Between any pairs of gene lists, you can do a Fisher Exact test (where you compare the proportion of GO category genes genes in one sample/species to another sample/species instead of to a background frequency).
I think it would be hard to interpret a single statistical tests that compared the results for 10 species simultaneously. I would probably recommend either binning the categories into significant or non-significant (so, category A was significantly enriched with FDR < 0.05 in X / 10 species) or prioritize based upon the relative p-values (so, species X showed the lowest p-value for enrichment for category A). Pairwse FE test listed above could also be acceptable.

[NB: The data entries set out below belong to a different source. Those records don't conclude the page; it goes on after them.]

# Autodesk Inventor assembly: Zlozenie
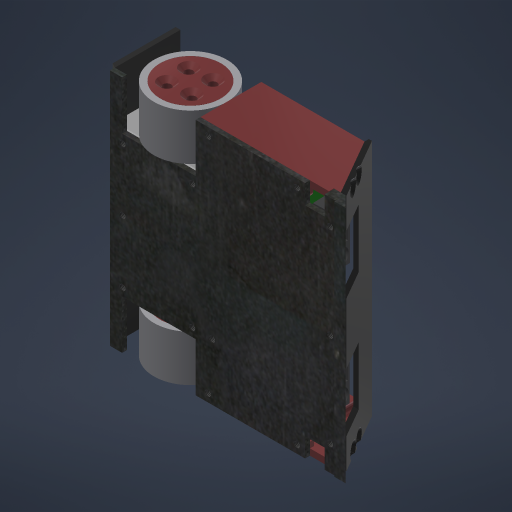
[picture p0: Inventor's stored thumbnail of the model, 512x512]
Saved by Autodesk Inventor 2023 (Build 270158000, 158)
## iProperties
Created: 2021-12-21
Part Number: Zlozenie
Material: Ogólny
Document SubType Name: Assembly
Designer: Michał
Mass: 427.985 g
Surface Area: 1162 cm^2
Volume: 132.956 cm^3
Density: 3.21899 g/cm^3
Author: Michał
## Documents named in this file (13)
- D:\Projekty\RoboIlo\Ser\3D\3D\Zlozenie.iam
- D:\Projekty\RoboIlo\Ser\3D\3D\Blacha.ipt
- D:\Projekty\RoboIlo\Ser\3D\3D\Plug2.ipt
- D:\Projekty\RoboIlo\Ser\3D\3D\Lewybok.ipt
- D:\Projekty\RoboIlo\Ser\3D\3D\Prawybok.ipt
- D:\Projekty\RoboIlo\Ser\3D\3D\Przod.ipt
- D:\Projekty\RoboIlo\Ser\3D\3D\Silnik.ipt
- D:\Projekty\RoboIlo\Ser\3D\3D\sds02a-with-sensor.ipt
- D:\Projekty\RoboIlo\Ser\3D\3D\Tyl.ipt
- D:\Projekty\RoboIlo\Ser\3D\3D\PrzekladniaLewa.iam
- D:\Projekty\RoboIlo\Ser\3D\3D\Kolo.iam
- D:\Projekty\RoboIlo\Ser\3D\3D\PrzekladniaPrawa.iam
- D:\Projekty\RoboIlo\Ser\3D\3D\Dach.ipt
## Components (15 placed, 12 different names)
1. Blacha:1 — Wstaw:1, Wstaw:2, Wstaw:19, Wstaw:20, Wstaw:21, Wstaw:22, Wstaw:36, Wstaw:37, Wstaw:43
2. Plug2:1 — Wstaw:1, Wstaw:2
3. Lewybok:1 — Wstaw:15, Zestawiający:9, Wstaw:19, Wstaw:20, Flush:1
4. Prawybok:1 — Wstaw:16, Zestawiający:10, Wstaw:17, Wstaw:18, Wstaw:21, Wstaw:22
5. Przod:1 — Wstaw:17, Wstaw:18
6. Silnik:1 — Wstaw:38, Wstaw:39
7. Silnik:2 — Wstaw:42
8. sds02a-with-sensor:1 — Wstaw:15, Zestawiający:9
9. sds02a-with-sensor:2 — Wstaw:16, Zestawiający:10
10. Tyl:1
11. PrzekladniaLewa:1 [sub-assembly] — Wstaw:36, Wstaw:37, Wstaw:38, Wstaw:39, Zestawiający:14, Zestawiający:15
12. Kolo:1 [sub-assembly] — Zestawiający:14, Zestawiający:15
13. PrzekladniaPrawa:1 [sub-assembly] — Wstaw:42, Wstaw:43, Zestawiający:16, Zestawiający:17
14. Kolo:2 [sub-assembly] — Zestawiający:16, Zestawiający:17
15. Dach:1 — Flush:1
## Relationships (23: Insert 16, Mate 6, Flush 1)
- Wstaw:1 [Insert]: Blacha:1 ↔ Plug2:1
- Wstaw:2 [Insert]: Blacha:1 ↔ Plug2:1
- Wstaw:15 [Insert]: Lewybok:1 ↔ sds02a-with-sensor:1
- Zestawiający:9 [Mate] (0.19 mm): Lewybok:1 ↔ sds02a-with-sensor:1
- Wstaw:16 [Insert]: Prawybok:1 ↔ sds02a-with-sensor:2
- Zestawiający:10 [Mate] (0.19 mm): Prawybok:1 ↔ sds02a-with-sensor:2
- Wstaw:17 [Insert]: Prawybok:1 ↔ Przod:1
- Wstaw:18 [Insert]: Prawybok:1 ↔ Przod:1
- Wstaw:19 [Insert]: Blacha:1 ↔ Lewybok:1
- Wstaw:20 [Insert]: Blacha:1 ↔ Lewybok:1
- Wstaw:21 [Insert]: Blacha:1 ↔ Prawybok:1
- Wstaw:22 [Insert]: Blacha:1 ↔ Prawybok:1
- Wstaw:36 [Insert]: Blacha:1 ↔ PrzekladniaLewa:1
- Wstaw:37 [Insert]: Blacha:1 ↔ PrzekladniaLewa:1
- Wstaw:38 [Insert]: Silnik:1 ↔ PrzekladniaLewa:1
- Wstaw:39 [Insert]: Silnik:1 ↔ PrzekladniaLewa:1
- Zestawiający:14 [Mate]: PrzekladniaLewa:1 ↔ Kolo:1
- Zestawiający:15 [Mate] (0.2 mm): PrzekladniaLewa:1 ↔ Kolo:1
- Wstaw:42 [Insert]: Silnik:2 ↔ PrzekladniaPrawa:1
- Wstaw:43 [Insert]: Blacha:1 ↔ PrzekladniaPrawa:1
- Zestawiający:16 [Mate] (0.2 mm): PrzekladniaPrawa:1 ↔ Kolo:2
- Zestawiający:17 [Mate]: PrzekladniaPrawa:1 ↔ Kolo:2
- Flush:1: Lewybok:1 ↔ Dach:1
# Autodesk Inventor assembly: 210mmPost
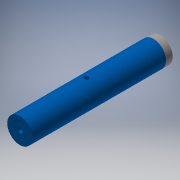
[picture p0: Inventor's stored thumbnail of the model, 180x180]
Saved by Autodesk Inventor 2016 (Build 200138000, 138)
## iProperties
Created: 2016-04-07
Part Number: 210mmPost
Document SubType Name: Assembly
Designer: sims01
Author: sims01
## Documents named in this file (3)
- H:\Documents\LSFM_3\setup\mechanical\design\lsfm3_mechDesignMar16\210mmPost.iam
- H:\Documents\LSFM_3\setup\mechanical\design\lsfm3_mechDesignMar16\200mmPost.ipt
- H:\Documents\LSFM_3\setup\mechanical\design\lsfm3_mechDesignMar16\10mmPostSpacer.ipt
## Components (2 placed, 2 different names)
1. 200mmPost:1 — Rigid:1
2. 10mmPostSpacer:1 — Rigid:1
## Relationships (1: WeldJoint 1)
- Rigid:1 [WeldJoint]: 200mmPost:1 ↔ 10mmPostSpacer:1

Understanding the overall goals may also be important. For example, you mention you have a list of pseudogenes, but why are these pseudogenes coming from >10 different species? GO categories will either be defined independently for each species or are defined by homologs to a single, commonly studied species. For example, the human genome has GO categories but I doubt the chimp genome has an independently curated list of GO categories. If that were the case,I don't think it would make sense to compare the relative contributions of pseudogenes that happen to have the closest homology to a known human gene versus a known chimp gene (if the assumption was correct that all chimp GO definitions were really coming from human homologs). In this case, you would call say all genes belong to a single species (whatever primate is being studied), and the GO categories are defined with respect to human homologs (or just the human genes, if you are working with human pseudogenes). Since I don't know the background for this particular comparison, I can't really provide better advice on this particular aspect.